Der Mudder Schulten-Brunnen
und das Fritz-Reuter-Denkmal in Neubrandenburg
Der Mudder-Schulten-Brunnen
Kommen Sie vom Bahnhof steht links der Mudder-Schulten-Brunnen, der ursprünglich Fritz-Reuter-Brunnen hieß.
Dieser Brunnen wurde vom Bildhauer Wilhelm Jäger im Jahre 1923 geschaffen. Dise Szene soll sich im Jahr 1771 zwischen der Bäckersfrau  und dem Herzog Adolf Friedrich IV zugeragen haben. Der Herzog hatte zu dieser Zeit in Neubrandenburg seine Sommerresdenz . Seit fünf Jahren ließ der Herzog das Brot anschreiben.
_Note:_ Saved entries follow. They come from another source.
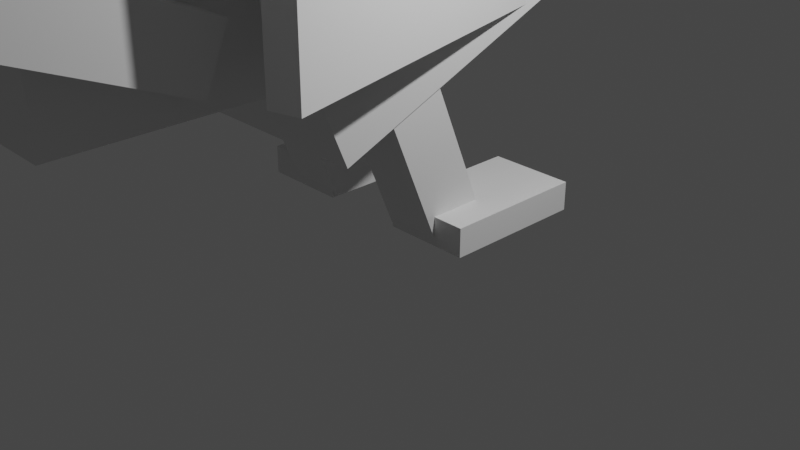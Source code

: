 # Source: Blackbird3.blend  (saved by Blender 2.91.10; exported with 4.5.12 LTS)
import bpy
from mathutils import Matrix  # noqa: F401  (used for matrix-valued properties, if any)

bpy.ops.wm.read_factory_settings(use_empty=True)
scene = bpy.context.scene
scene.name = 'Scene'

# ---- collections
col_collection = bpy.data.collections.new('Collection'); scene.collection.children.link(col_collection)

# ---- world
world_world = bpy.data.worlds.new('World'); scene.world = world_world
world_world.use_nodes = True; world_world.node_tree.nodes.clear()
_N = world_world.node_tree.nodes; _L = world_world.node_tree.links
n0 = _N.new('ShaderNodeOutputWorld'); n0.name = 'World Output'; n0.location = (300, 300)
n1 = _N.new('ShaderNodeBackground'); n1.name = 'Background'; n1.location = (10, 300)
n1.inputs[0].default_value = (0.05088, 0.05088, 0.05088, 1.0)
_L.new(n1.outputs[0], n0.inputs[0])
n0.is_active_output = True
world_world.color = (0.05088, 0.05088, 0.05088)
world_world.use_sun_shadow = False
world_world.sun_shadow_jitter_overblur = 0.0

# ---- cameras
cam_camera = bpy.data.cameras.new('Camera')
cam_camera.clip_end = 100.0
cam_camera.ortho_scale = 7.314

# ---- lights
light_light = bpy.data.lights.new('Light', 'POINT')
light_light.transmission_factor = 0.0
light_light.energy = 1000.0
light_light.shadow_soft_size = 0.1
light_light.shadow_maximum_resolution = 0.006
light_light.use_absolute_resolution = True

# ---- meshes
me_w_rfel = bpy.data.meshes.new('Würfel')
me_w_rfel.from_pydata([(-4.0, 0.0, 0.0), (-4.0, 0.0, 5.0), (-4.0, 5.0, 0.0), (-4.0, 5.0, 5.0), (3.0, 0.0, 0.0), (3.0, 0.0, 5.0), (3.0, 5.0, 0.0), (3.0, 5.0, 5.0)], [], [(0, 1, 3, 2), (2, 3, 7, 6), (6, 7, 5, 4), (4, 5, 1, 0), (2, 6, 4, 0), (7, 3, 1, 5)])
_uv = me_w_rfel.uv_layers.new(name='UV-Map')
_uv.uv.foreach_set('vector', [0.6719, 0.6094, 0.6719, 0.6875, 0.5938, 0.6875, 0.5938, 0.6094, 0.5938, 0.6094, 0.5938, 0.6875, 0.4844, 0.6875, 0.4844, 0.6094, 0.8594, 0.6094, 0.8594, 0.6875, 0.7812, 0.6875, 0.7812, 0.6094, 0.7812, 0.6094, 0.7812, 0.6875, 0.6719, 0.6875, 0.6719, 0.6094, 0.6719, 0.6875, 0.6719, 0.7969, 0.75, 0.7969, 0.75, 0.6875, 0.5938, 0.7969, 0.5938, 0.6875, 0.6719, 0.6875, 0.6719, 0.7969])
me_w_rfel.use_remesh_fix_poles = True
me_w_rfel.use_remesh_preserve_attributes = False
me_w_rfel.use_mirror_vertex_groups = False
me_w_rfel.update()
me_w_rfel_001 = bpy.data.meshes.new('Würfel.001')
me_w_rfel_001.from_pydata([(0.0, -1.0, -4.0), (0.0, -1.0, 4.0), (0.0, 6.0, -4.0), (0.0, 6.0, 4.0), (12.0, -1.0, -4.0), (12.0, -1.0, 4.0), (12.0, 6.0, -4.0), (12.0, 6.0, 4.0)], [], [(0, 1, 3, 2), (2, 3, 7, 6), (6, 7, 5, 4), (4, 5, 1, 0), (2, 6, 4, 0), (7, 3, 1, 5)])
_uv = me_w_rfel_001.uv_layers.new(name='UV-Map')
_uv.uv.foreach_set('vector', [0.2969, 0.6875, 0.2969, 0.8125, 0.1875, 0.8125, 0.1875, 0.6875, 0.1875, 0.6875, 0.1875, 0.8125, 0.0, 0.8125, 0.0, 0.6875, 0.5938, 0.6875, 0.5938, 0.8125, 0.4844, 0.8125, 0.4844, 0.6875, 0.4844, 0.6875, 0.4844, 0.8125, 0.2969, 0.8125, 0.2969, 0.6875, 0.2969, 0.8125, 0.2969, 1.0, 0.4062, 1.0, 0.4062, 0.8125, 0.1875, 1.0, 0.1875, 0.8125, 0.2969, 0.8125, 0.2969, 1.0])
me_w_rfel_001.use_remesh_fix_poles = True
me_w_rfel_001.use_remesh_preserve_attributes = False
me_w_rfel_001.use_mirror_vertex_groups = False
me_w_rfel_001.update()
me_w_rfel_002 = bpy.data.meshes.new('Würfel.002')
me_w_rfel_002.from_pydata([(-2.0, -1.0, -2.0), (-2.0, -1.0, 2.0), (-2.0, 4.0, -2.0), (-2.0, 4.0, 2.0), (6.0, -1.0, -2.0), (6.0, -1.0, 2.0), (6.0, 4.0, -2.0), (6.0, 4.0, 2.0)], [], [(0, 1, 3, 2), (2, 3, 7, 6), (6, 7, 5, 4), (4, 5, 1, 0), (2, 6, 4, 0), (7, 3, 1, 5)])
_uv = me_w_rfel_002.uv_layers.new(name='UV-Map')
_uv.uv.foreach_set('vector', [0.6094, 0.8125, 0.6094, 0.875, 0.5312, 0.875, 0.5312, 0.8125, 0.5312, 0.8125, 0.5312, 0.875, 0.4062, 0.875, 0.4062, 0.8125, 0.8125, 0.8125, 0.8125, 0.875, 0.7344, 0.875, 0.7344, 0.8125, 0.7344, 0.8125, 0.7344, 0.875, 0.6094, 0.875, 0.6094, 0.8125, 0.6094, 0.875, 0.6094, 1.0, 0.6875, 1.0, 0.6875, 0.875, 0.5312, 1.0, 0.5312, 0.875, 0.6094, 0.875, 0.6094, 1.0])
me_w_rfel_002.use_remesh_fix_poles = True
me_w_rfel_002.use_remesh_preserve_attributes = False
me_w_rfel_002.use_mirror_vertex_groups = False
me_w_rfel_002.update()
me_w_rfel_003 = bpy.data.meshes.new('Würfel.003')
me_w_rfel_003.from_pydata([(0.0, -2.0, -1.0), (0.0, -2.0, 1.0), (0.0, 7.0, -1.0), (0.0, 7.0, 1.0), (10.0, -2.0, -1.0), (10.0, -2.0, 1.0), (10.0, 7.0, -1.0), (10.0, 7.0, 1.0)], [], [(0, 1, 3, 2), (2, 3, 7, 6), (6, 7, 5, 4), (4, 5, 1, 0), (2, 6, 4, 0), (7, 3, 1, 5)])
_uv = me_w_rfel_003.uv_layers.new(name='UV-Map')
_uv.uv.foreach_set('vector', [0.2969, 0.5, 0.2969, 0.5312, 0.1562, 0.5312, 0.1562, 0.5, 0.1562, 0.5, 0.1562, 0.5312, 0.0, 0.5312, 0.0, 0.5, 0.5938, 0.5, 0.5938, 0.5312, 0.4531, 0.5312, 0.4531, 0.5, 0.4531, 0.5, 0.4531, 0.5312, 0.2969, 0.5312, 0.2969, 0.5, 0.2969, 0.5312, 0.2969, 0.6875, 0.4375, 0.6875, 0.4375, 0.5312, 0.1562, 0.6875, 0.1562, 0.5312, 0.2969, 0.5312, 0.2969, 0.6875])
me_w_rfel_003.use_remesh_fix_poles = True
me_w_rfel_003.use_remesh_preserve_attributes = False
me_w_rfel_003.use_mirror_vertex_groups = False
me_w_rfel_003.update()
me_w_rfel_004 = bpy.data.meshes.new('Würfel.004')
me_w_rfel_004.from_pydata([(-5.0, 0.0, 0.0), (-5.0, 0.0, 2.0), (-5.0, 1.0, 0.0), (-5.0, 1.0, 2.0), (1.0, 0.0, 0.0), (1.0, 0.0, 2.0), (1.0, 1.0, 0.0), (1.0, 1.0, 2.0)], [], [(0, 1, 3, 2), (2, 3, 7, 6), (6, 7, 5, 4), (4, 5, 1, 0), (2, 6, 4, 0), (7, 3, 1, 5)])
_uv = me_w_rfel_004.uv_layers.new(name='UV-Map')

Die Bäckersfrau , eine resolute Frau,
stellte den Herzog zur Rede und forderte die Bezahlung der wohl erheblichen Rechnung.
Die Rechnung befindet sich noch heute im Museum.
Fritz Reuter  fügte diese Figuren Durchläuting , der Herzog, und Mudder Schulten ,
die Bäckersfrau,  in sein Werk "Dörchläuchting" ein.
Die Figurengruppe wurde aus einem 250 Zentner schweren Muschelblock gehauen.
Gestiftet wurde der Brunnen vom Kaufmann Herrmann Carstens anläßlich  des 100. Geburtstag seiner Firma.



 





Fritz-Reuter-Denkmal
Fritz Reuter wurde  am 07.11.1810 in Stavenhagen geboren. Im Jahre 1856 ließ sich Reuter in Neubrandenburg nieder.Diese sieben Jahre waren seine Hauptschaffenszeit.  im Jahre 1887 erschien in der Neubrandenburger Zeitung ein Aufruf zur Spendensammlung für ein Fritz-reuter-Denkmal. Es kamen über 32000 Mark zusammen. Im Jahre 1893 wurde das Denkmal in Erinnerung an den 30jährigen Umzug von Reuter nach Eisenach enthüllt.
das Denkmal schuf der Berliner Bildhauer Martin Wolff.
Viele Neubrandenburger sagen Fritz Reuter schaut noch heute amüsant auf die gegenüberliegenden Szene auf den Brunnen,
der doch nicht seinen Namen trägt sondern Mudder Schulten , sicher einer seiner interessantesten Figuren.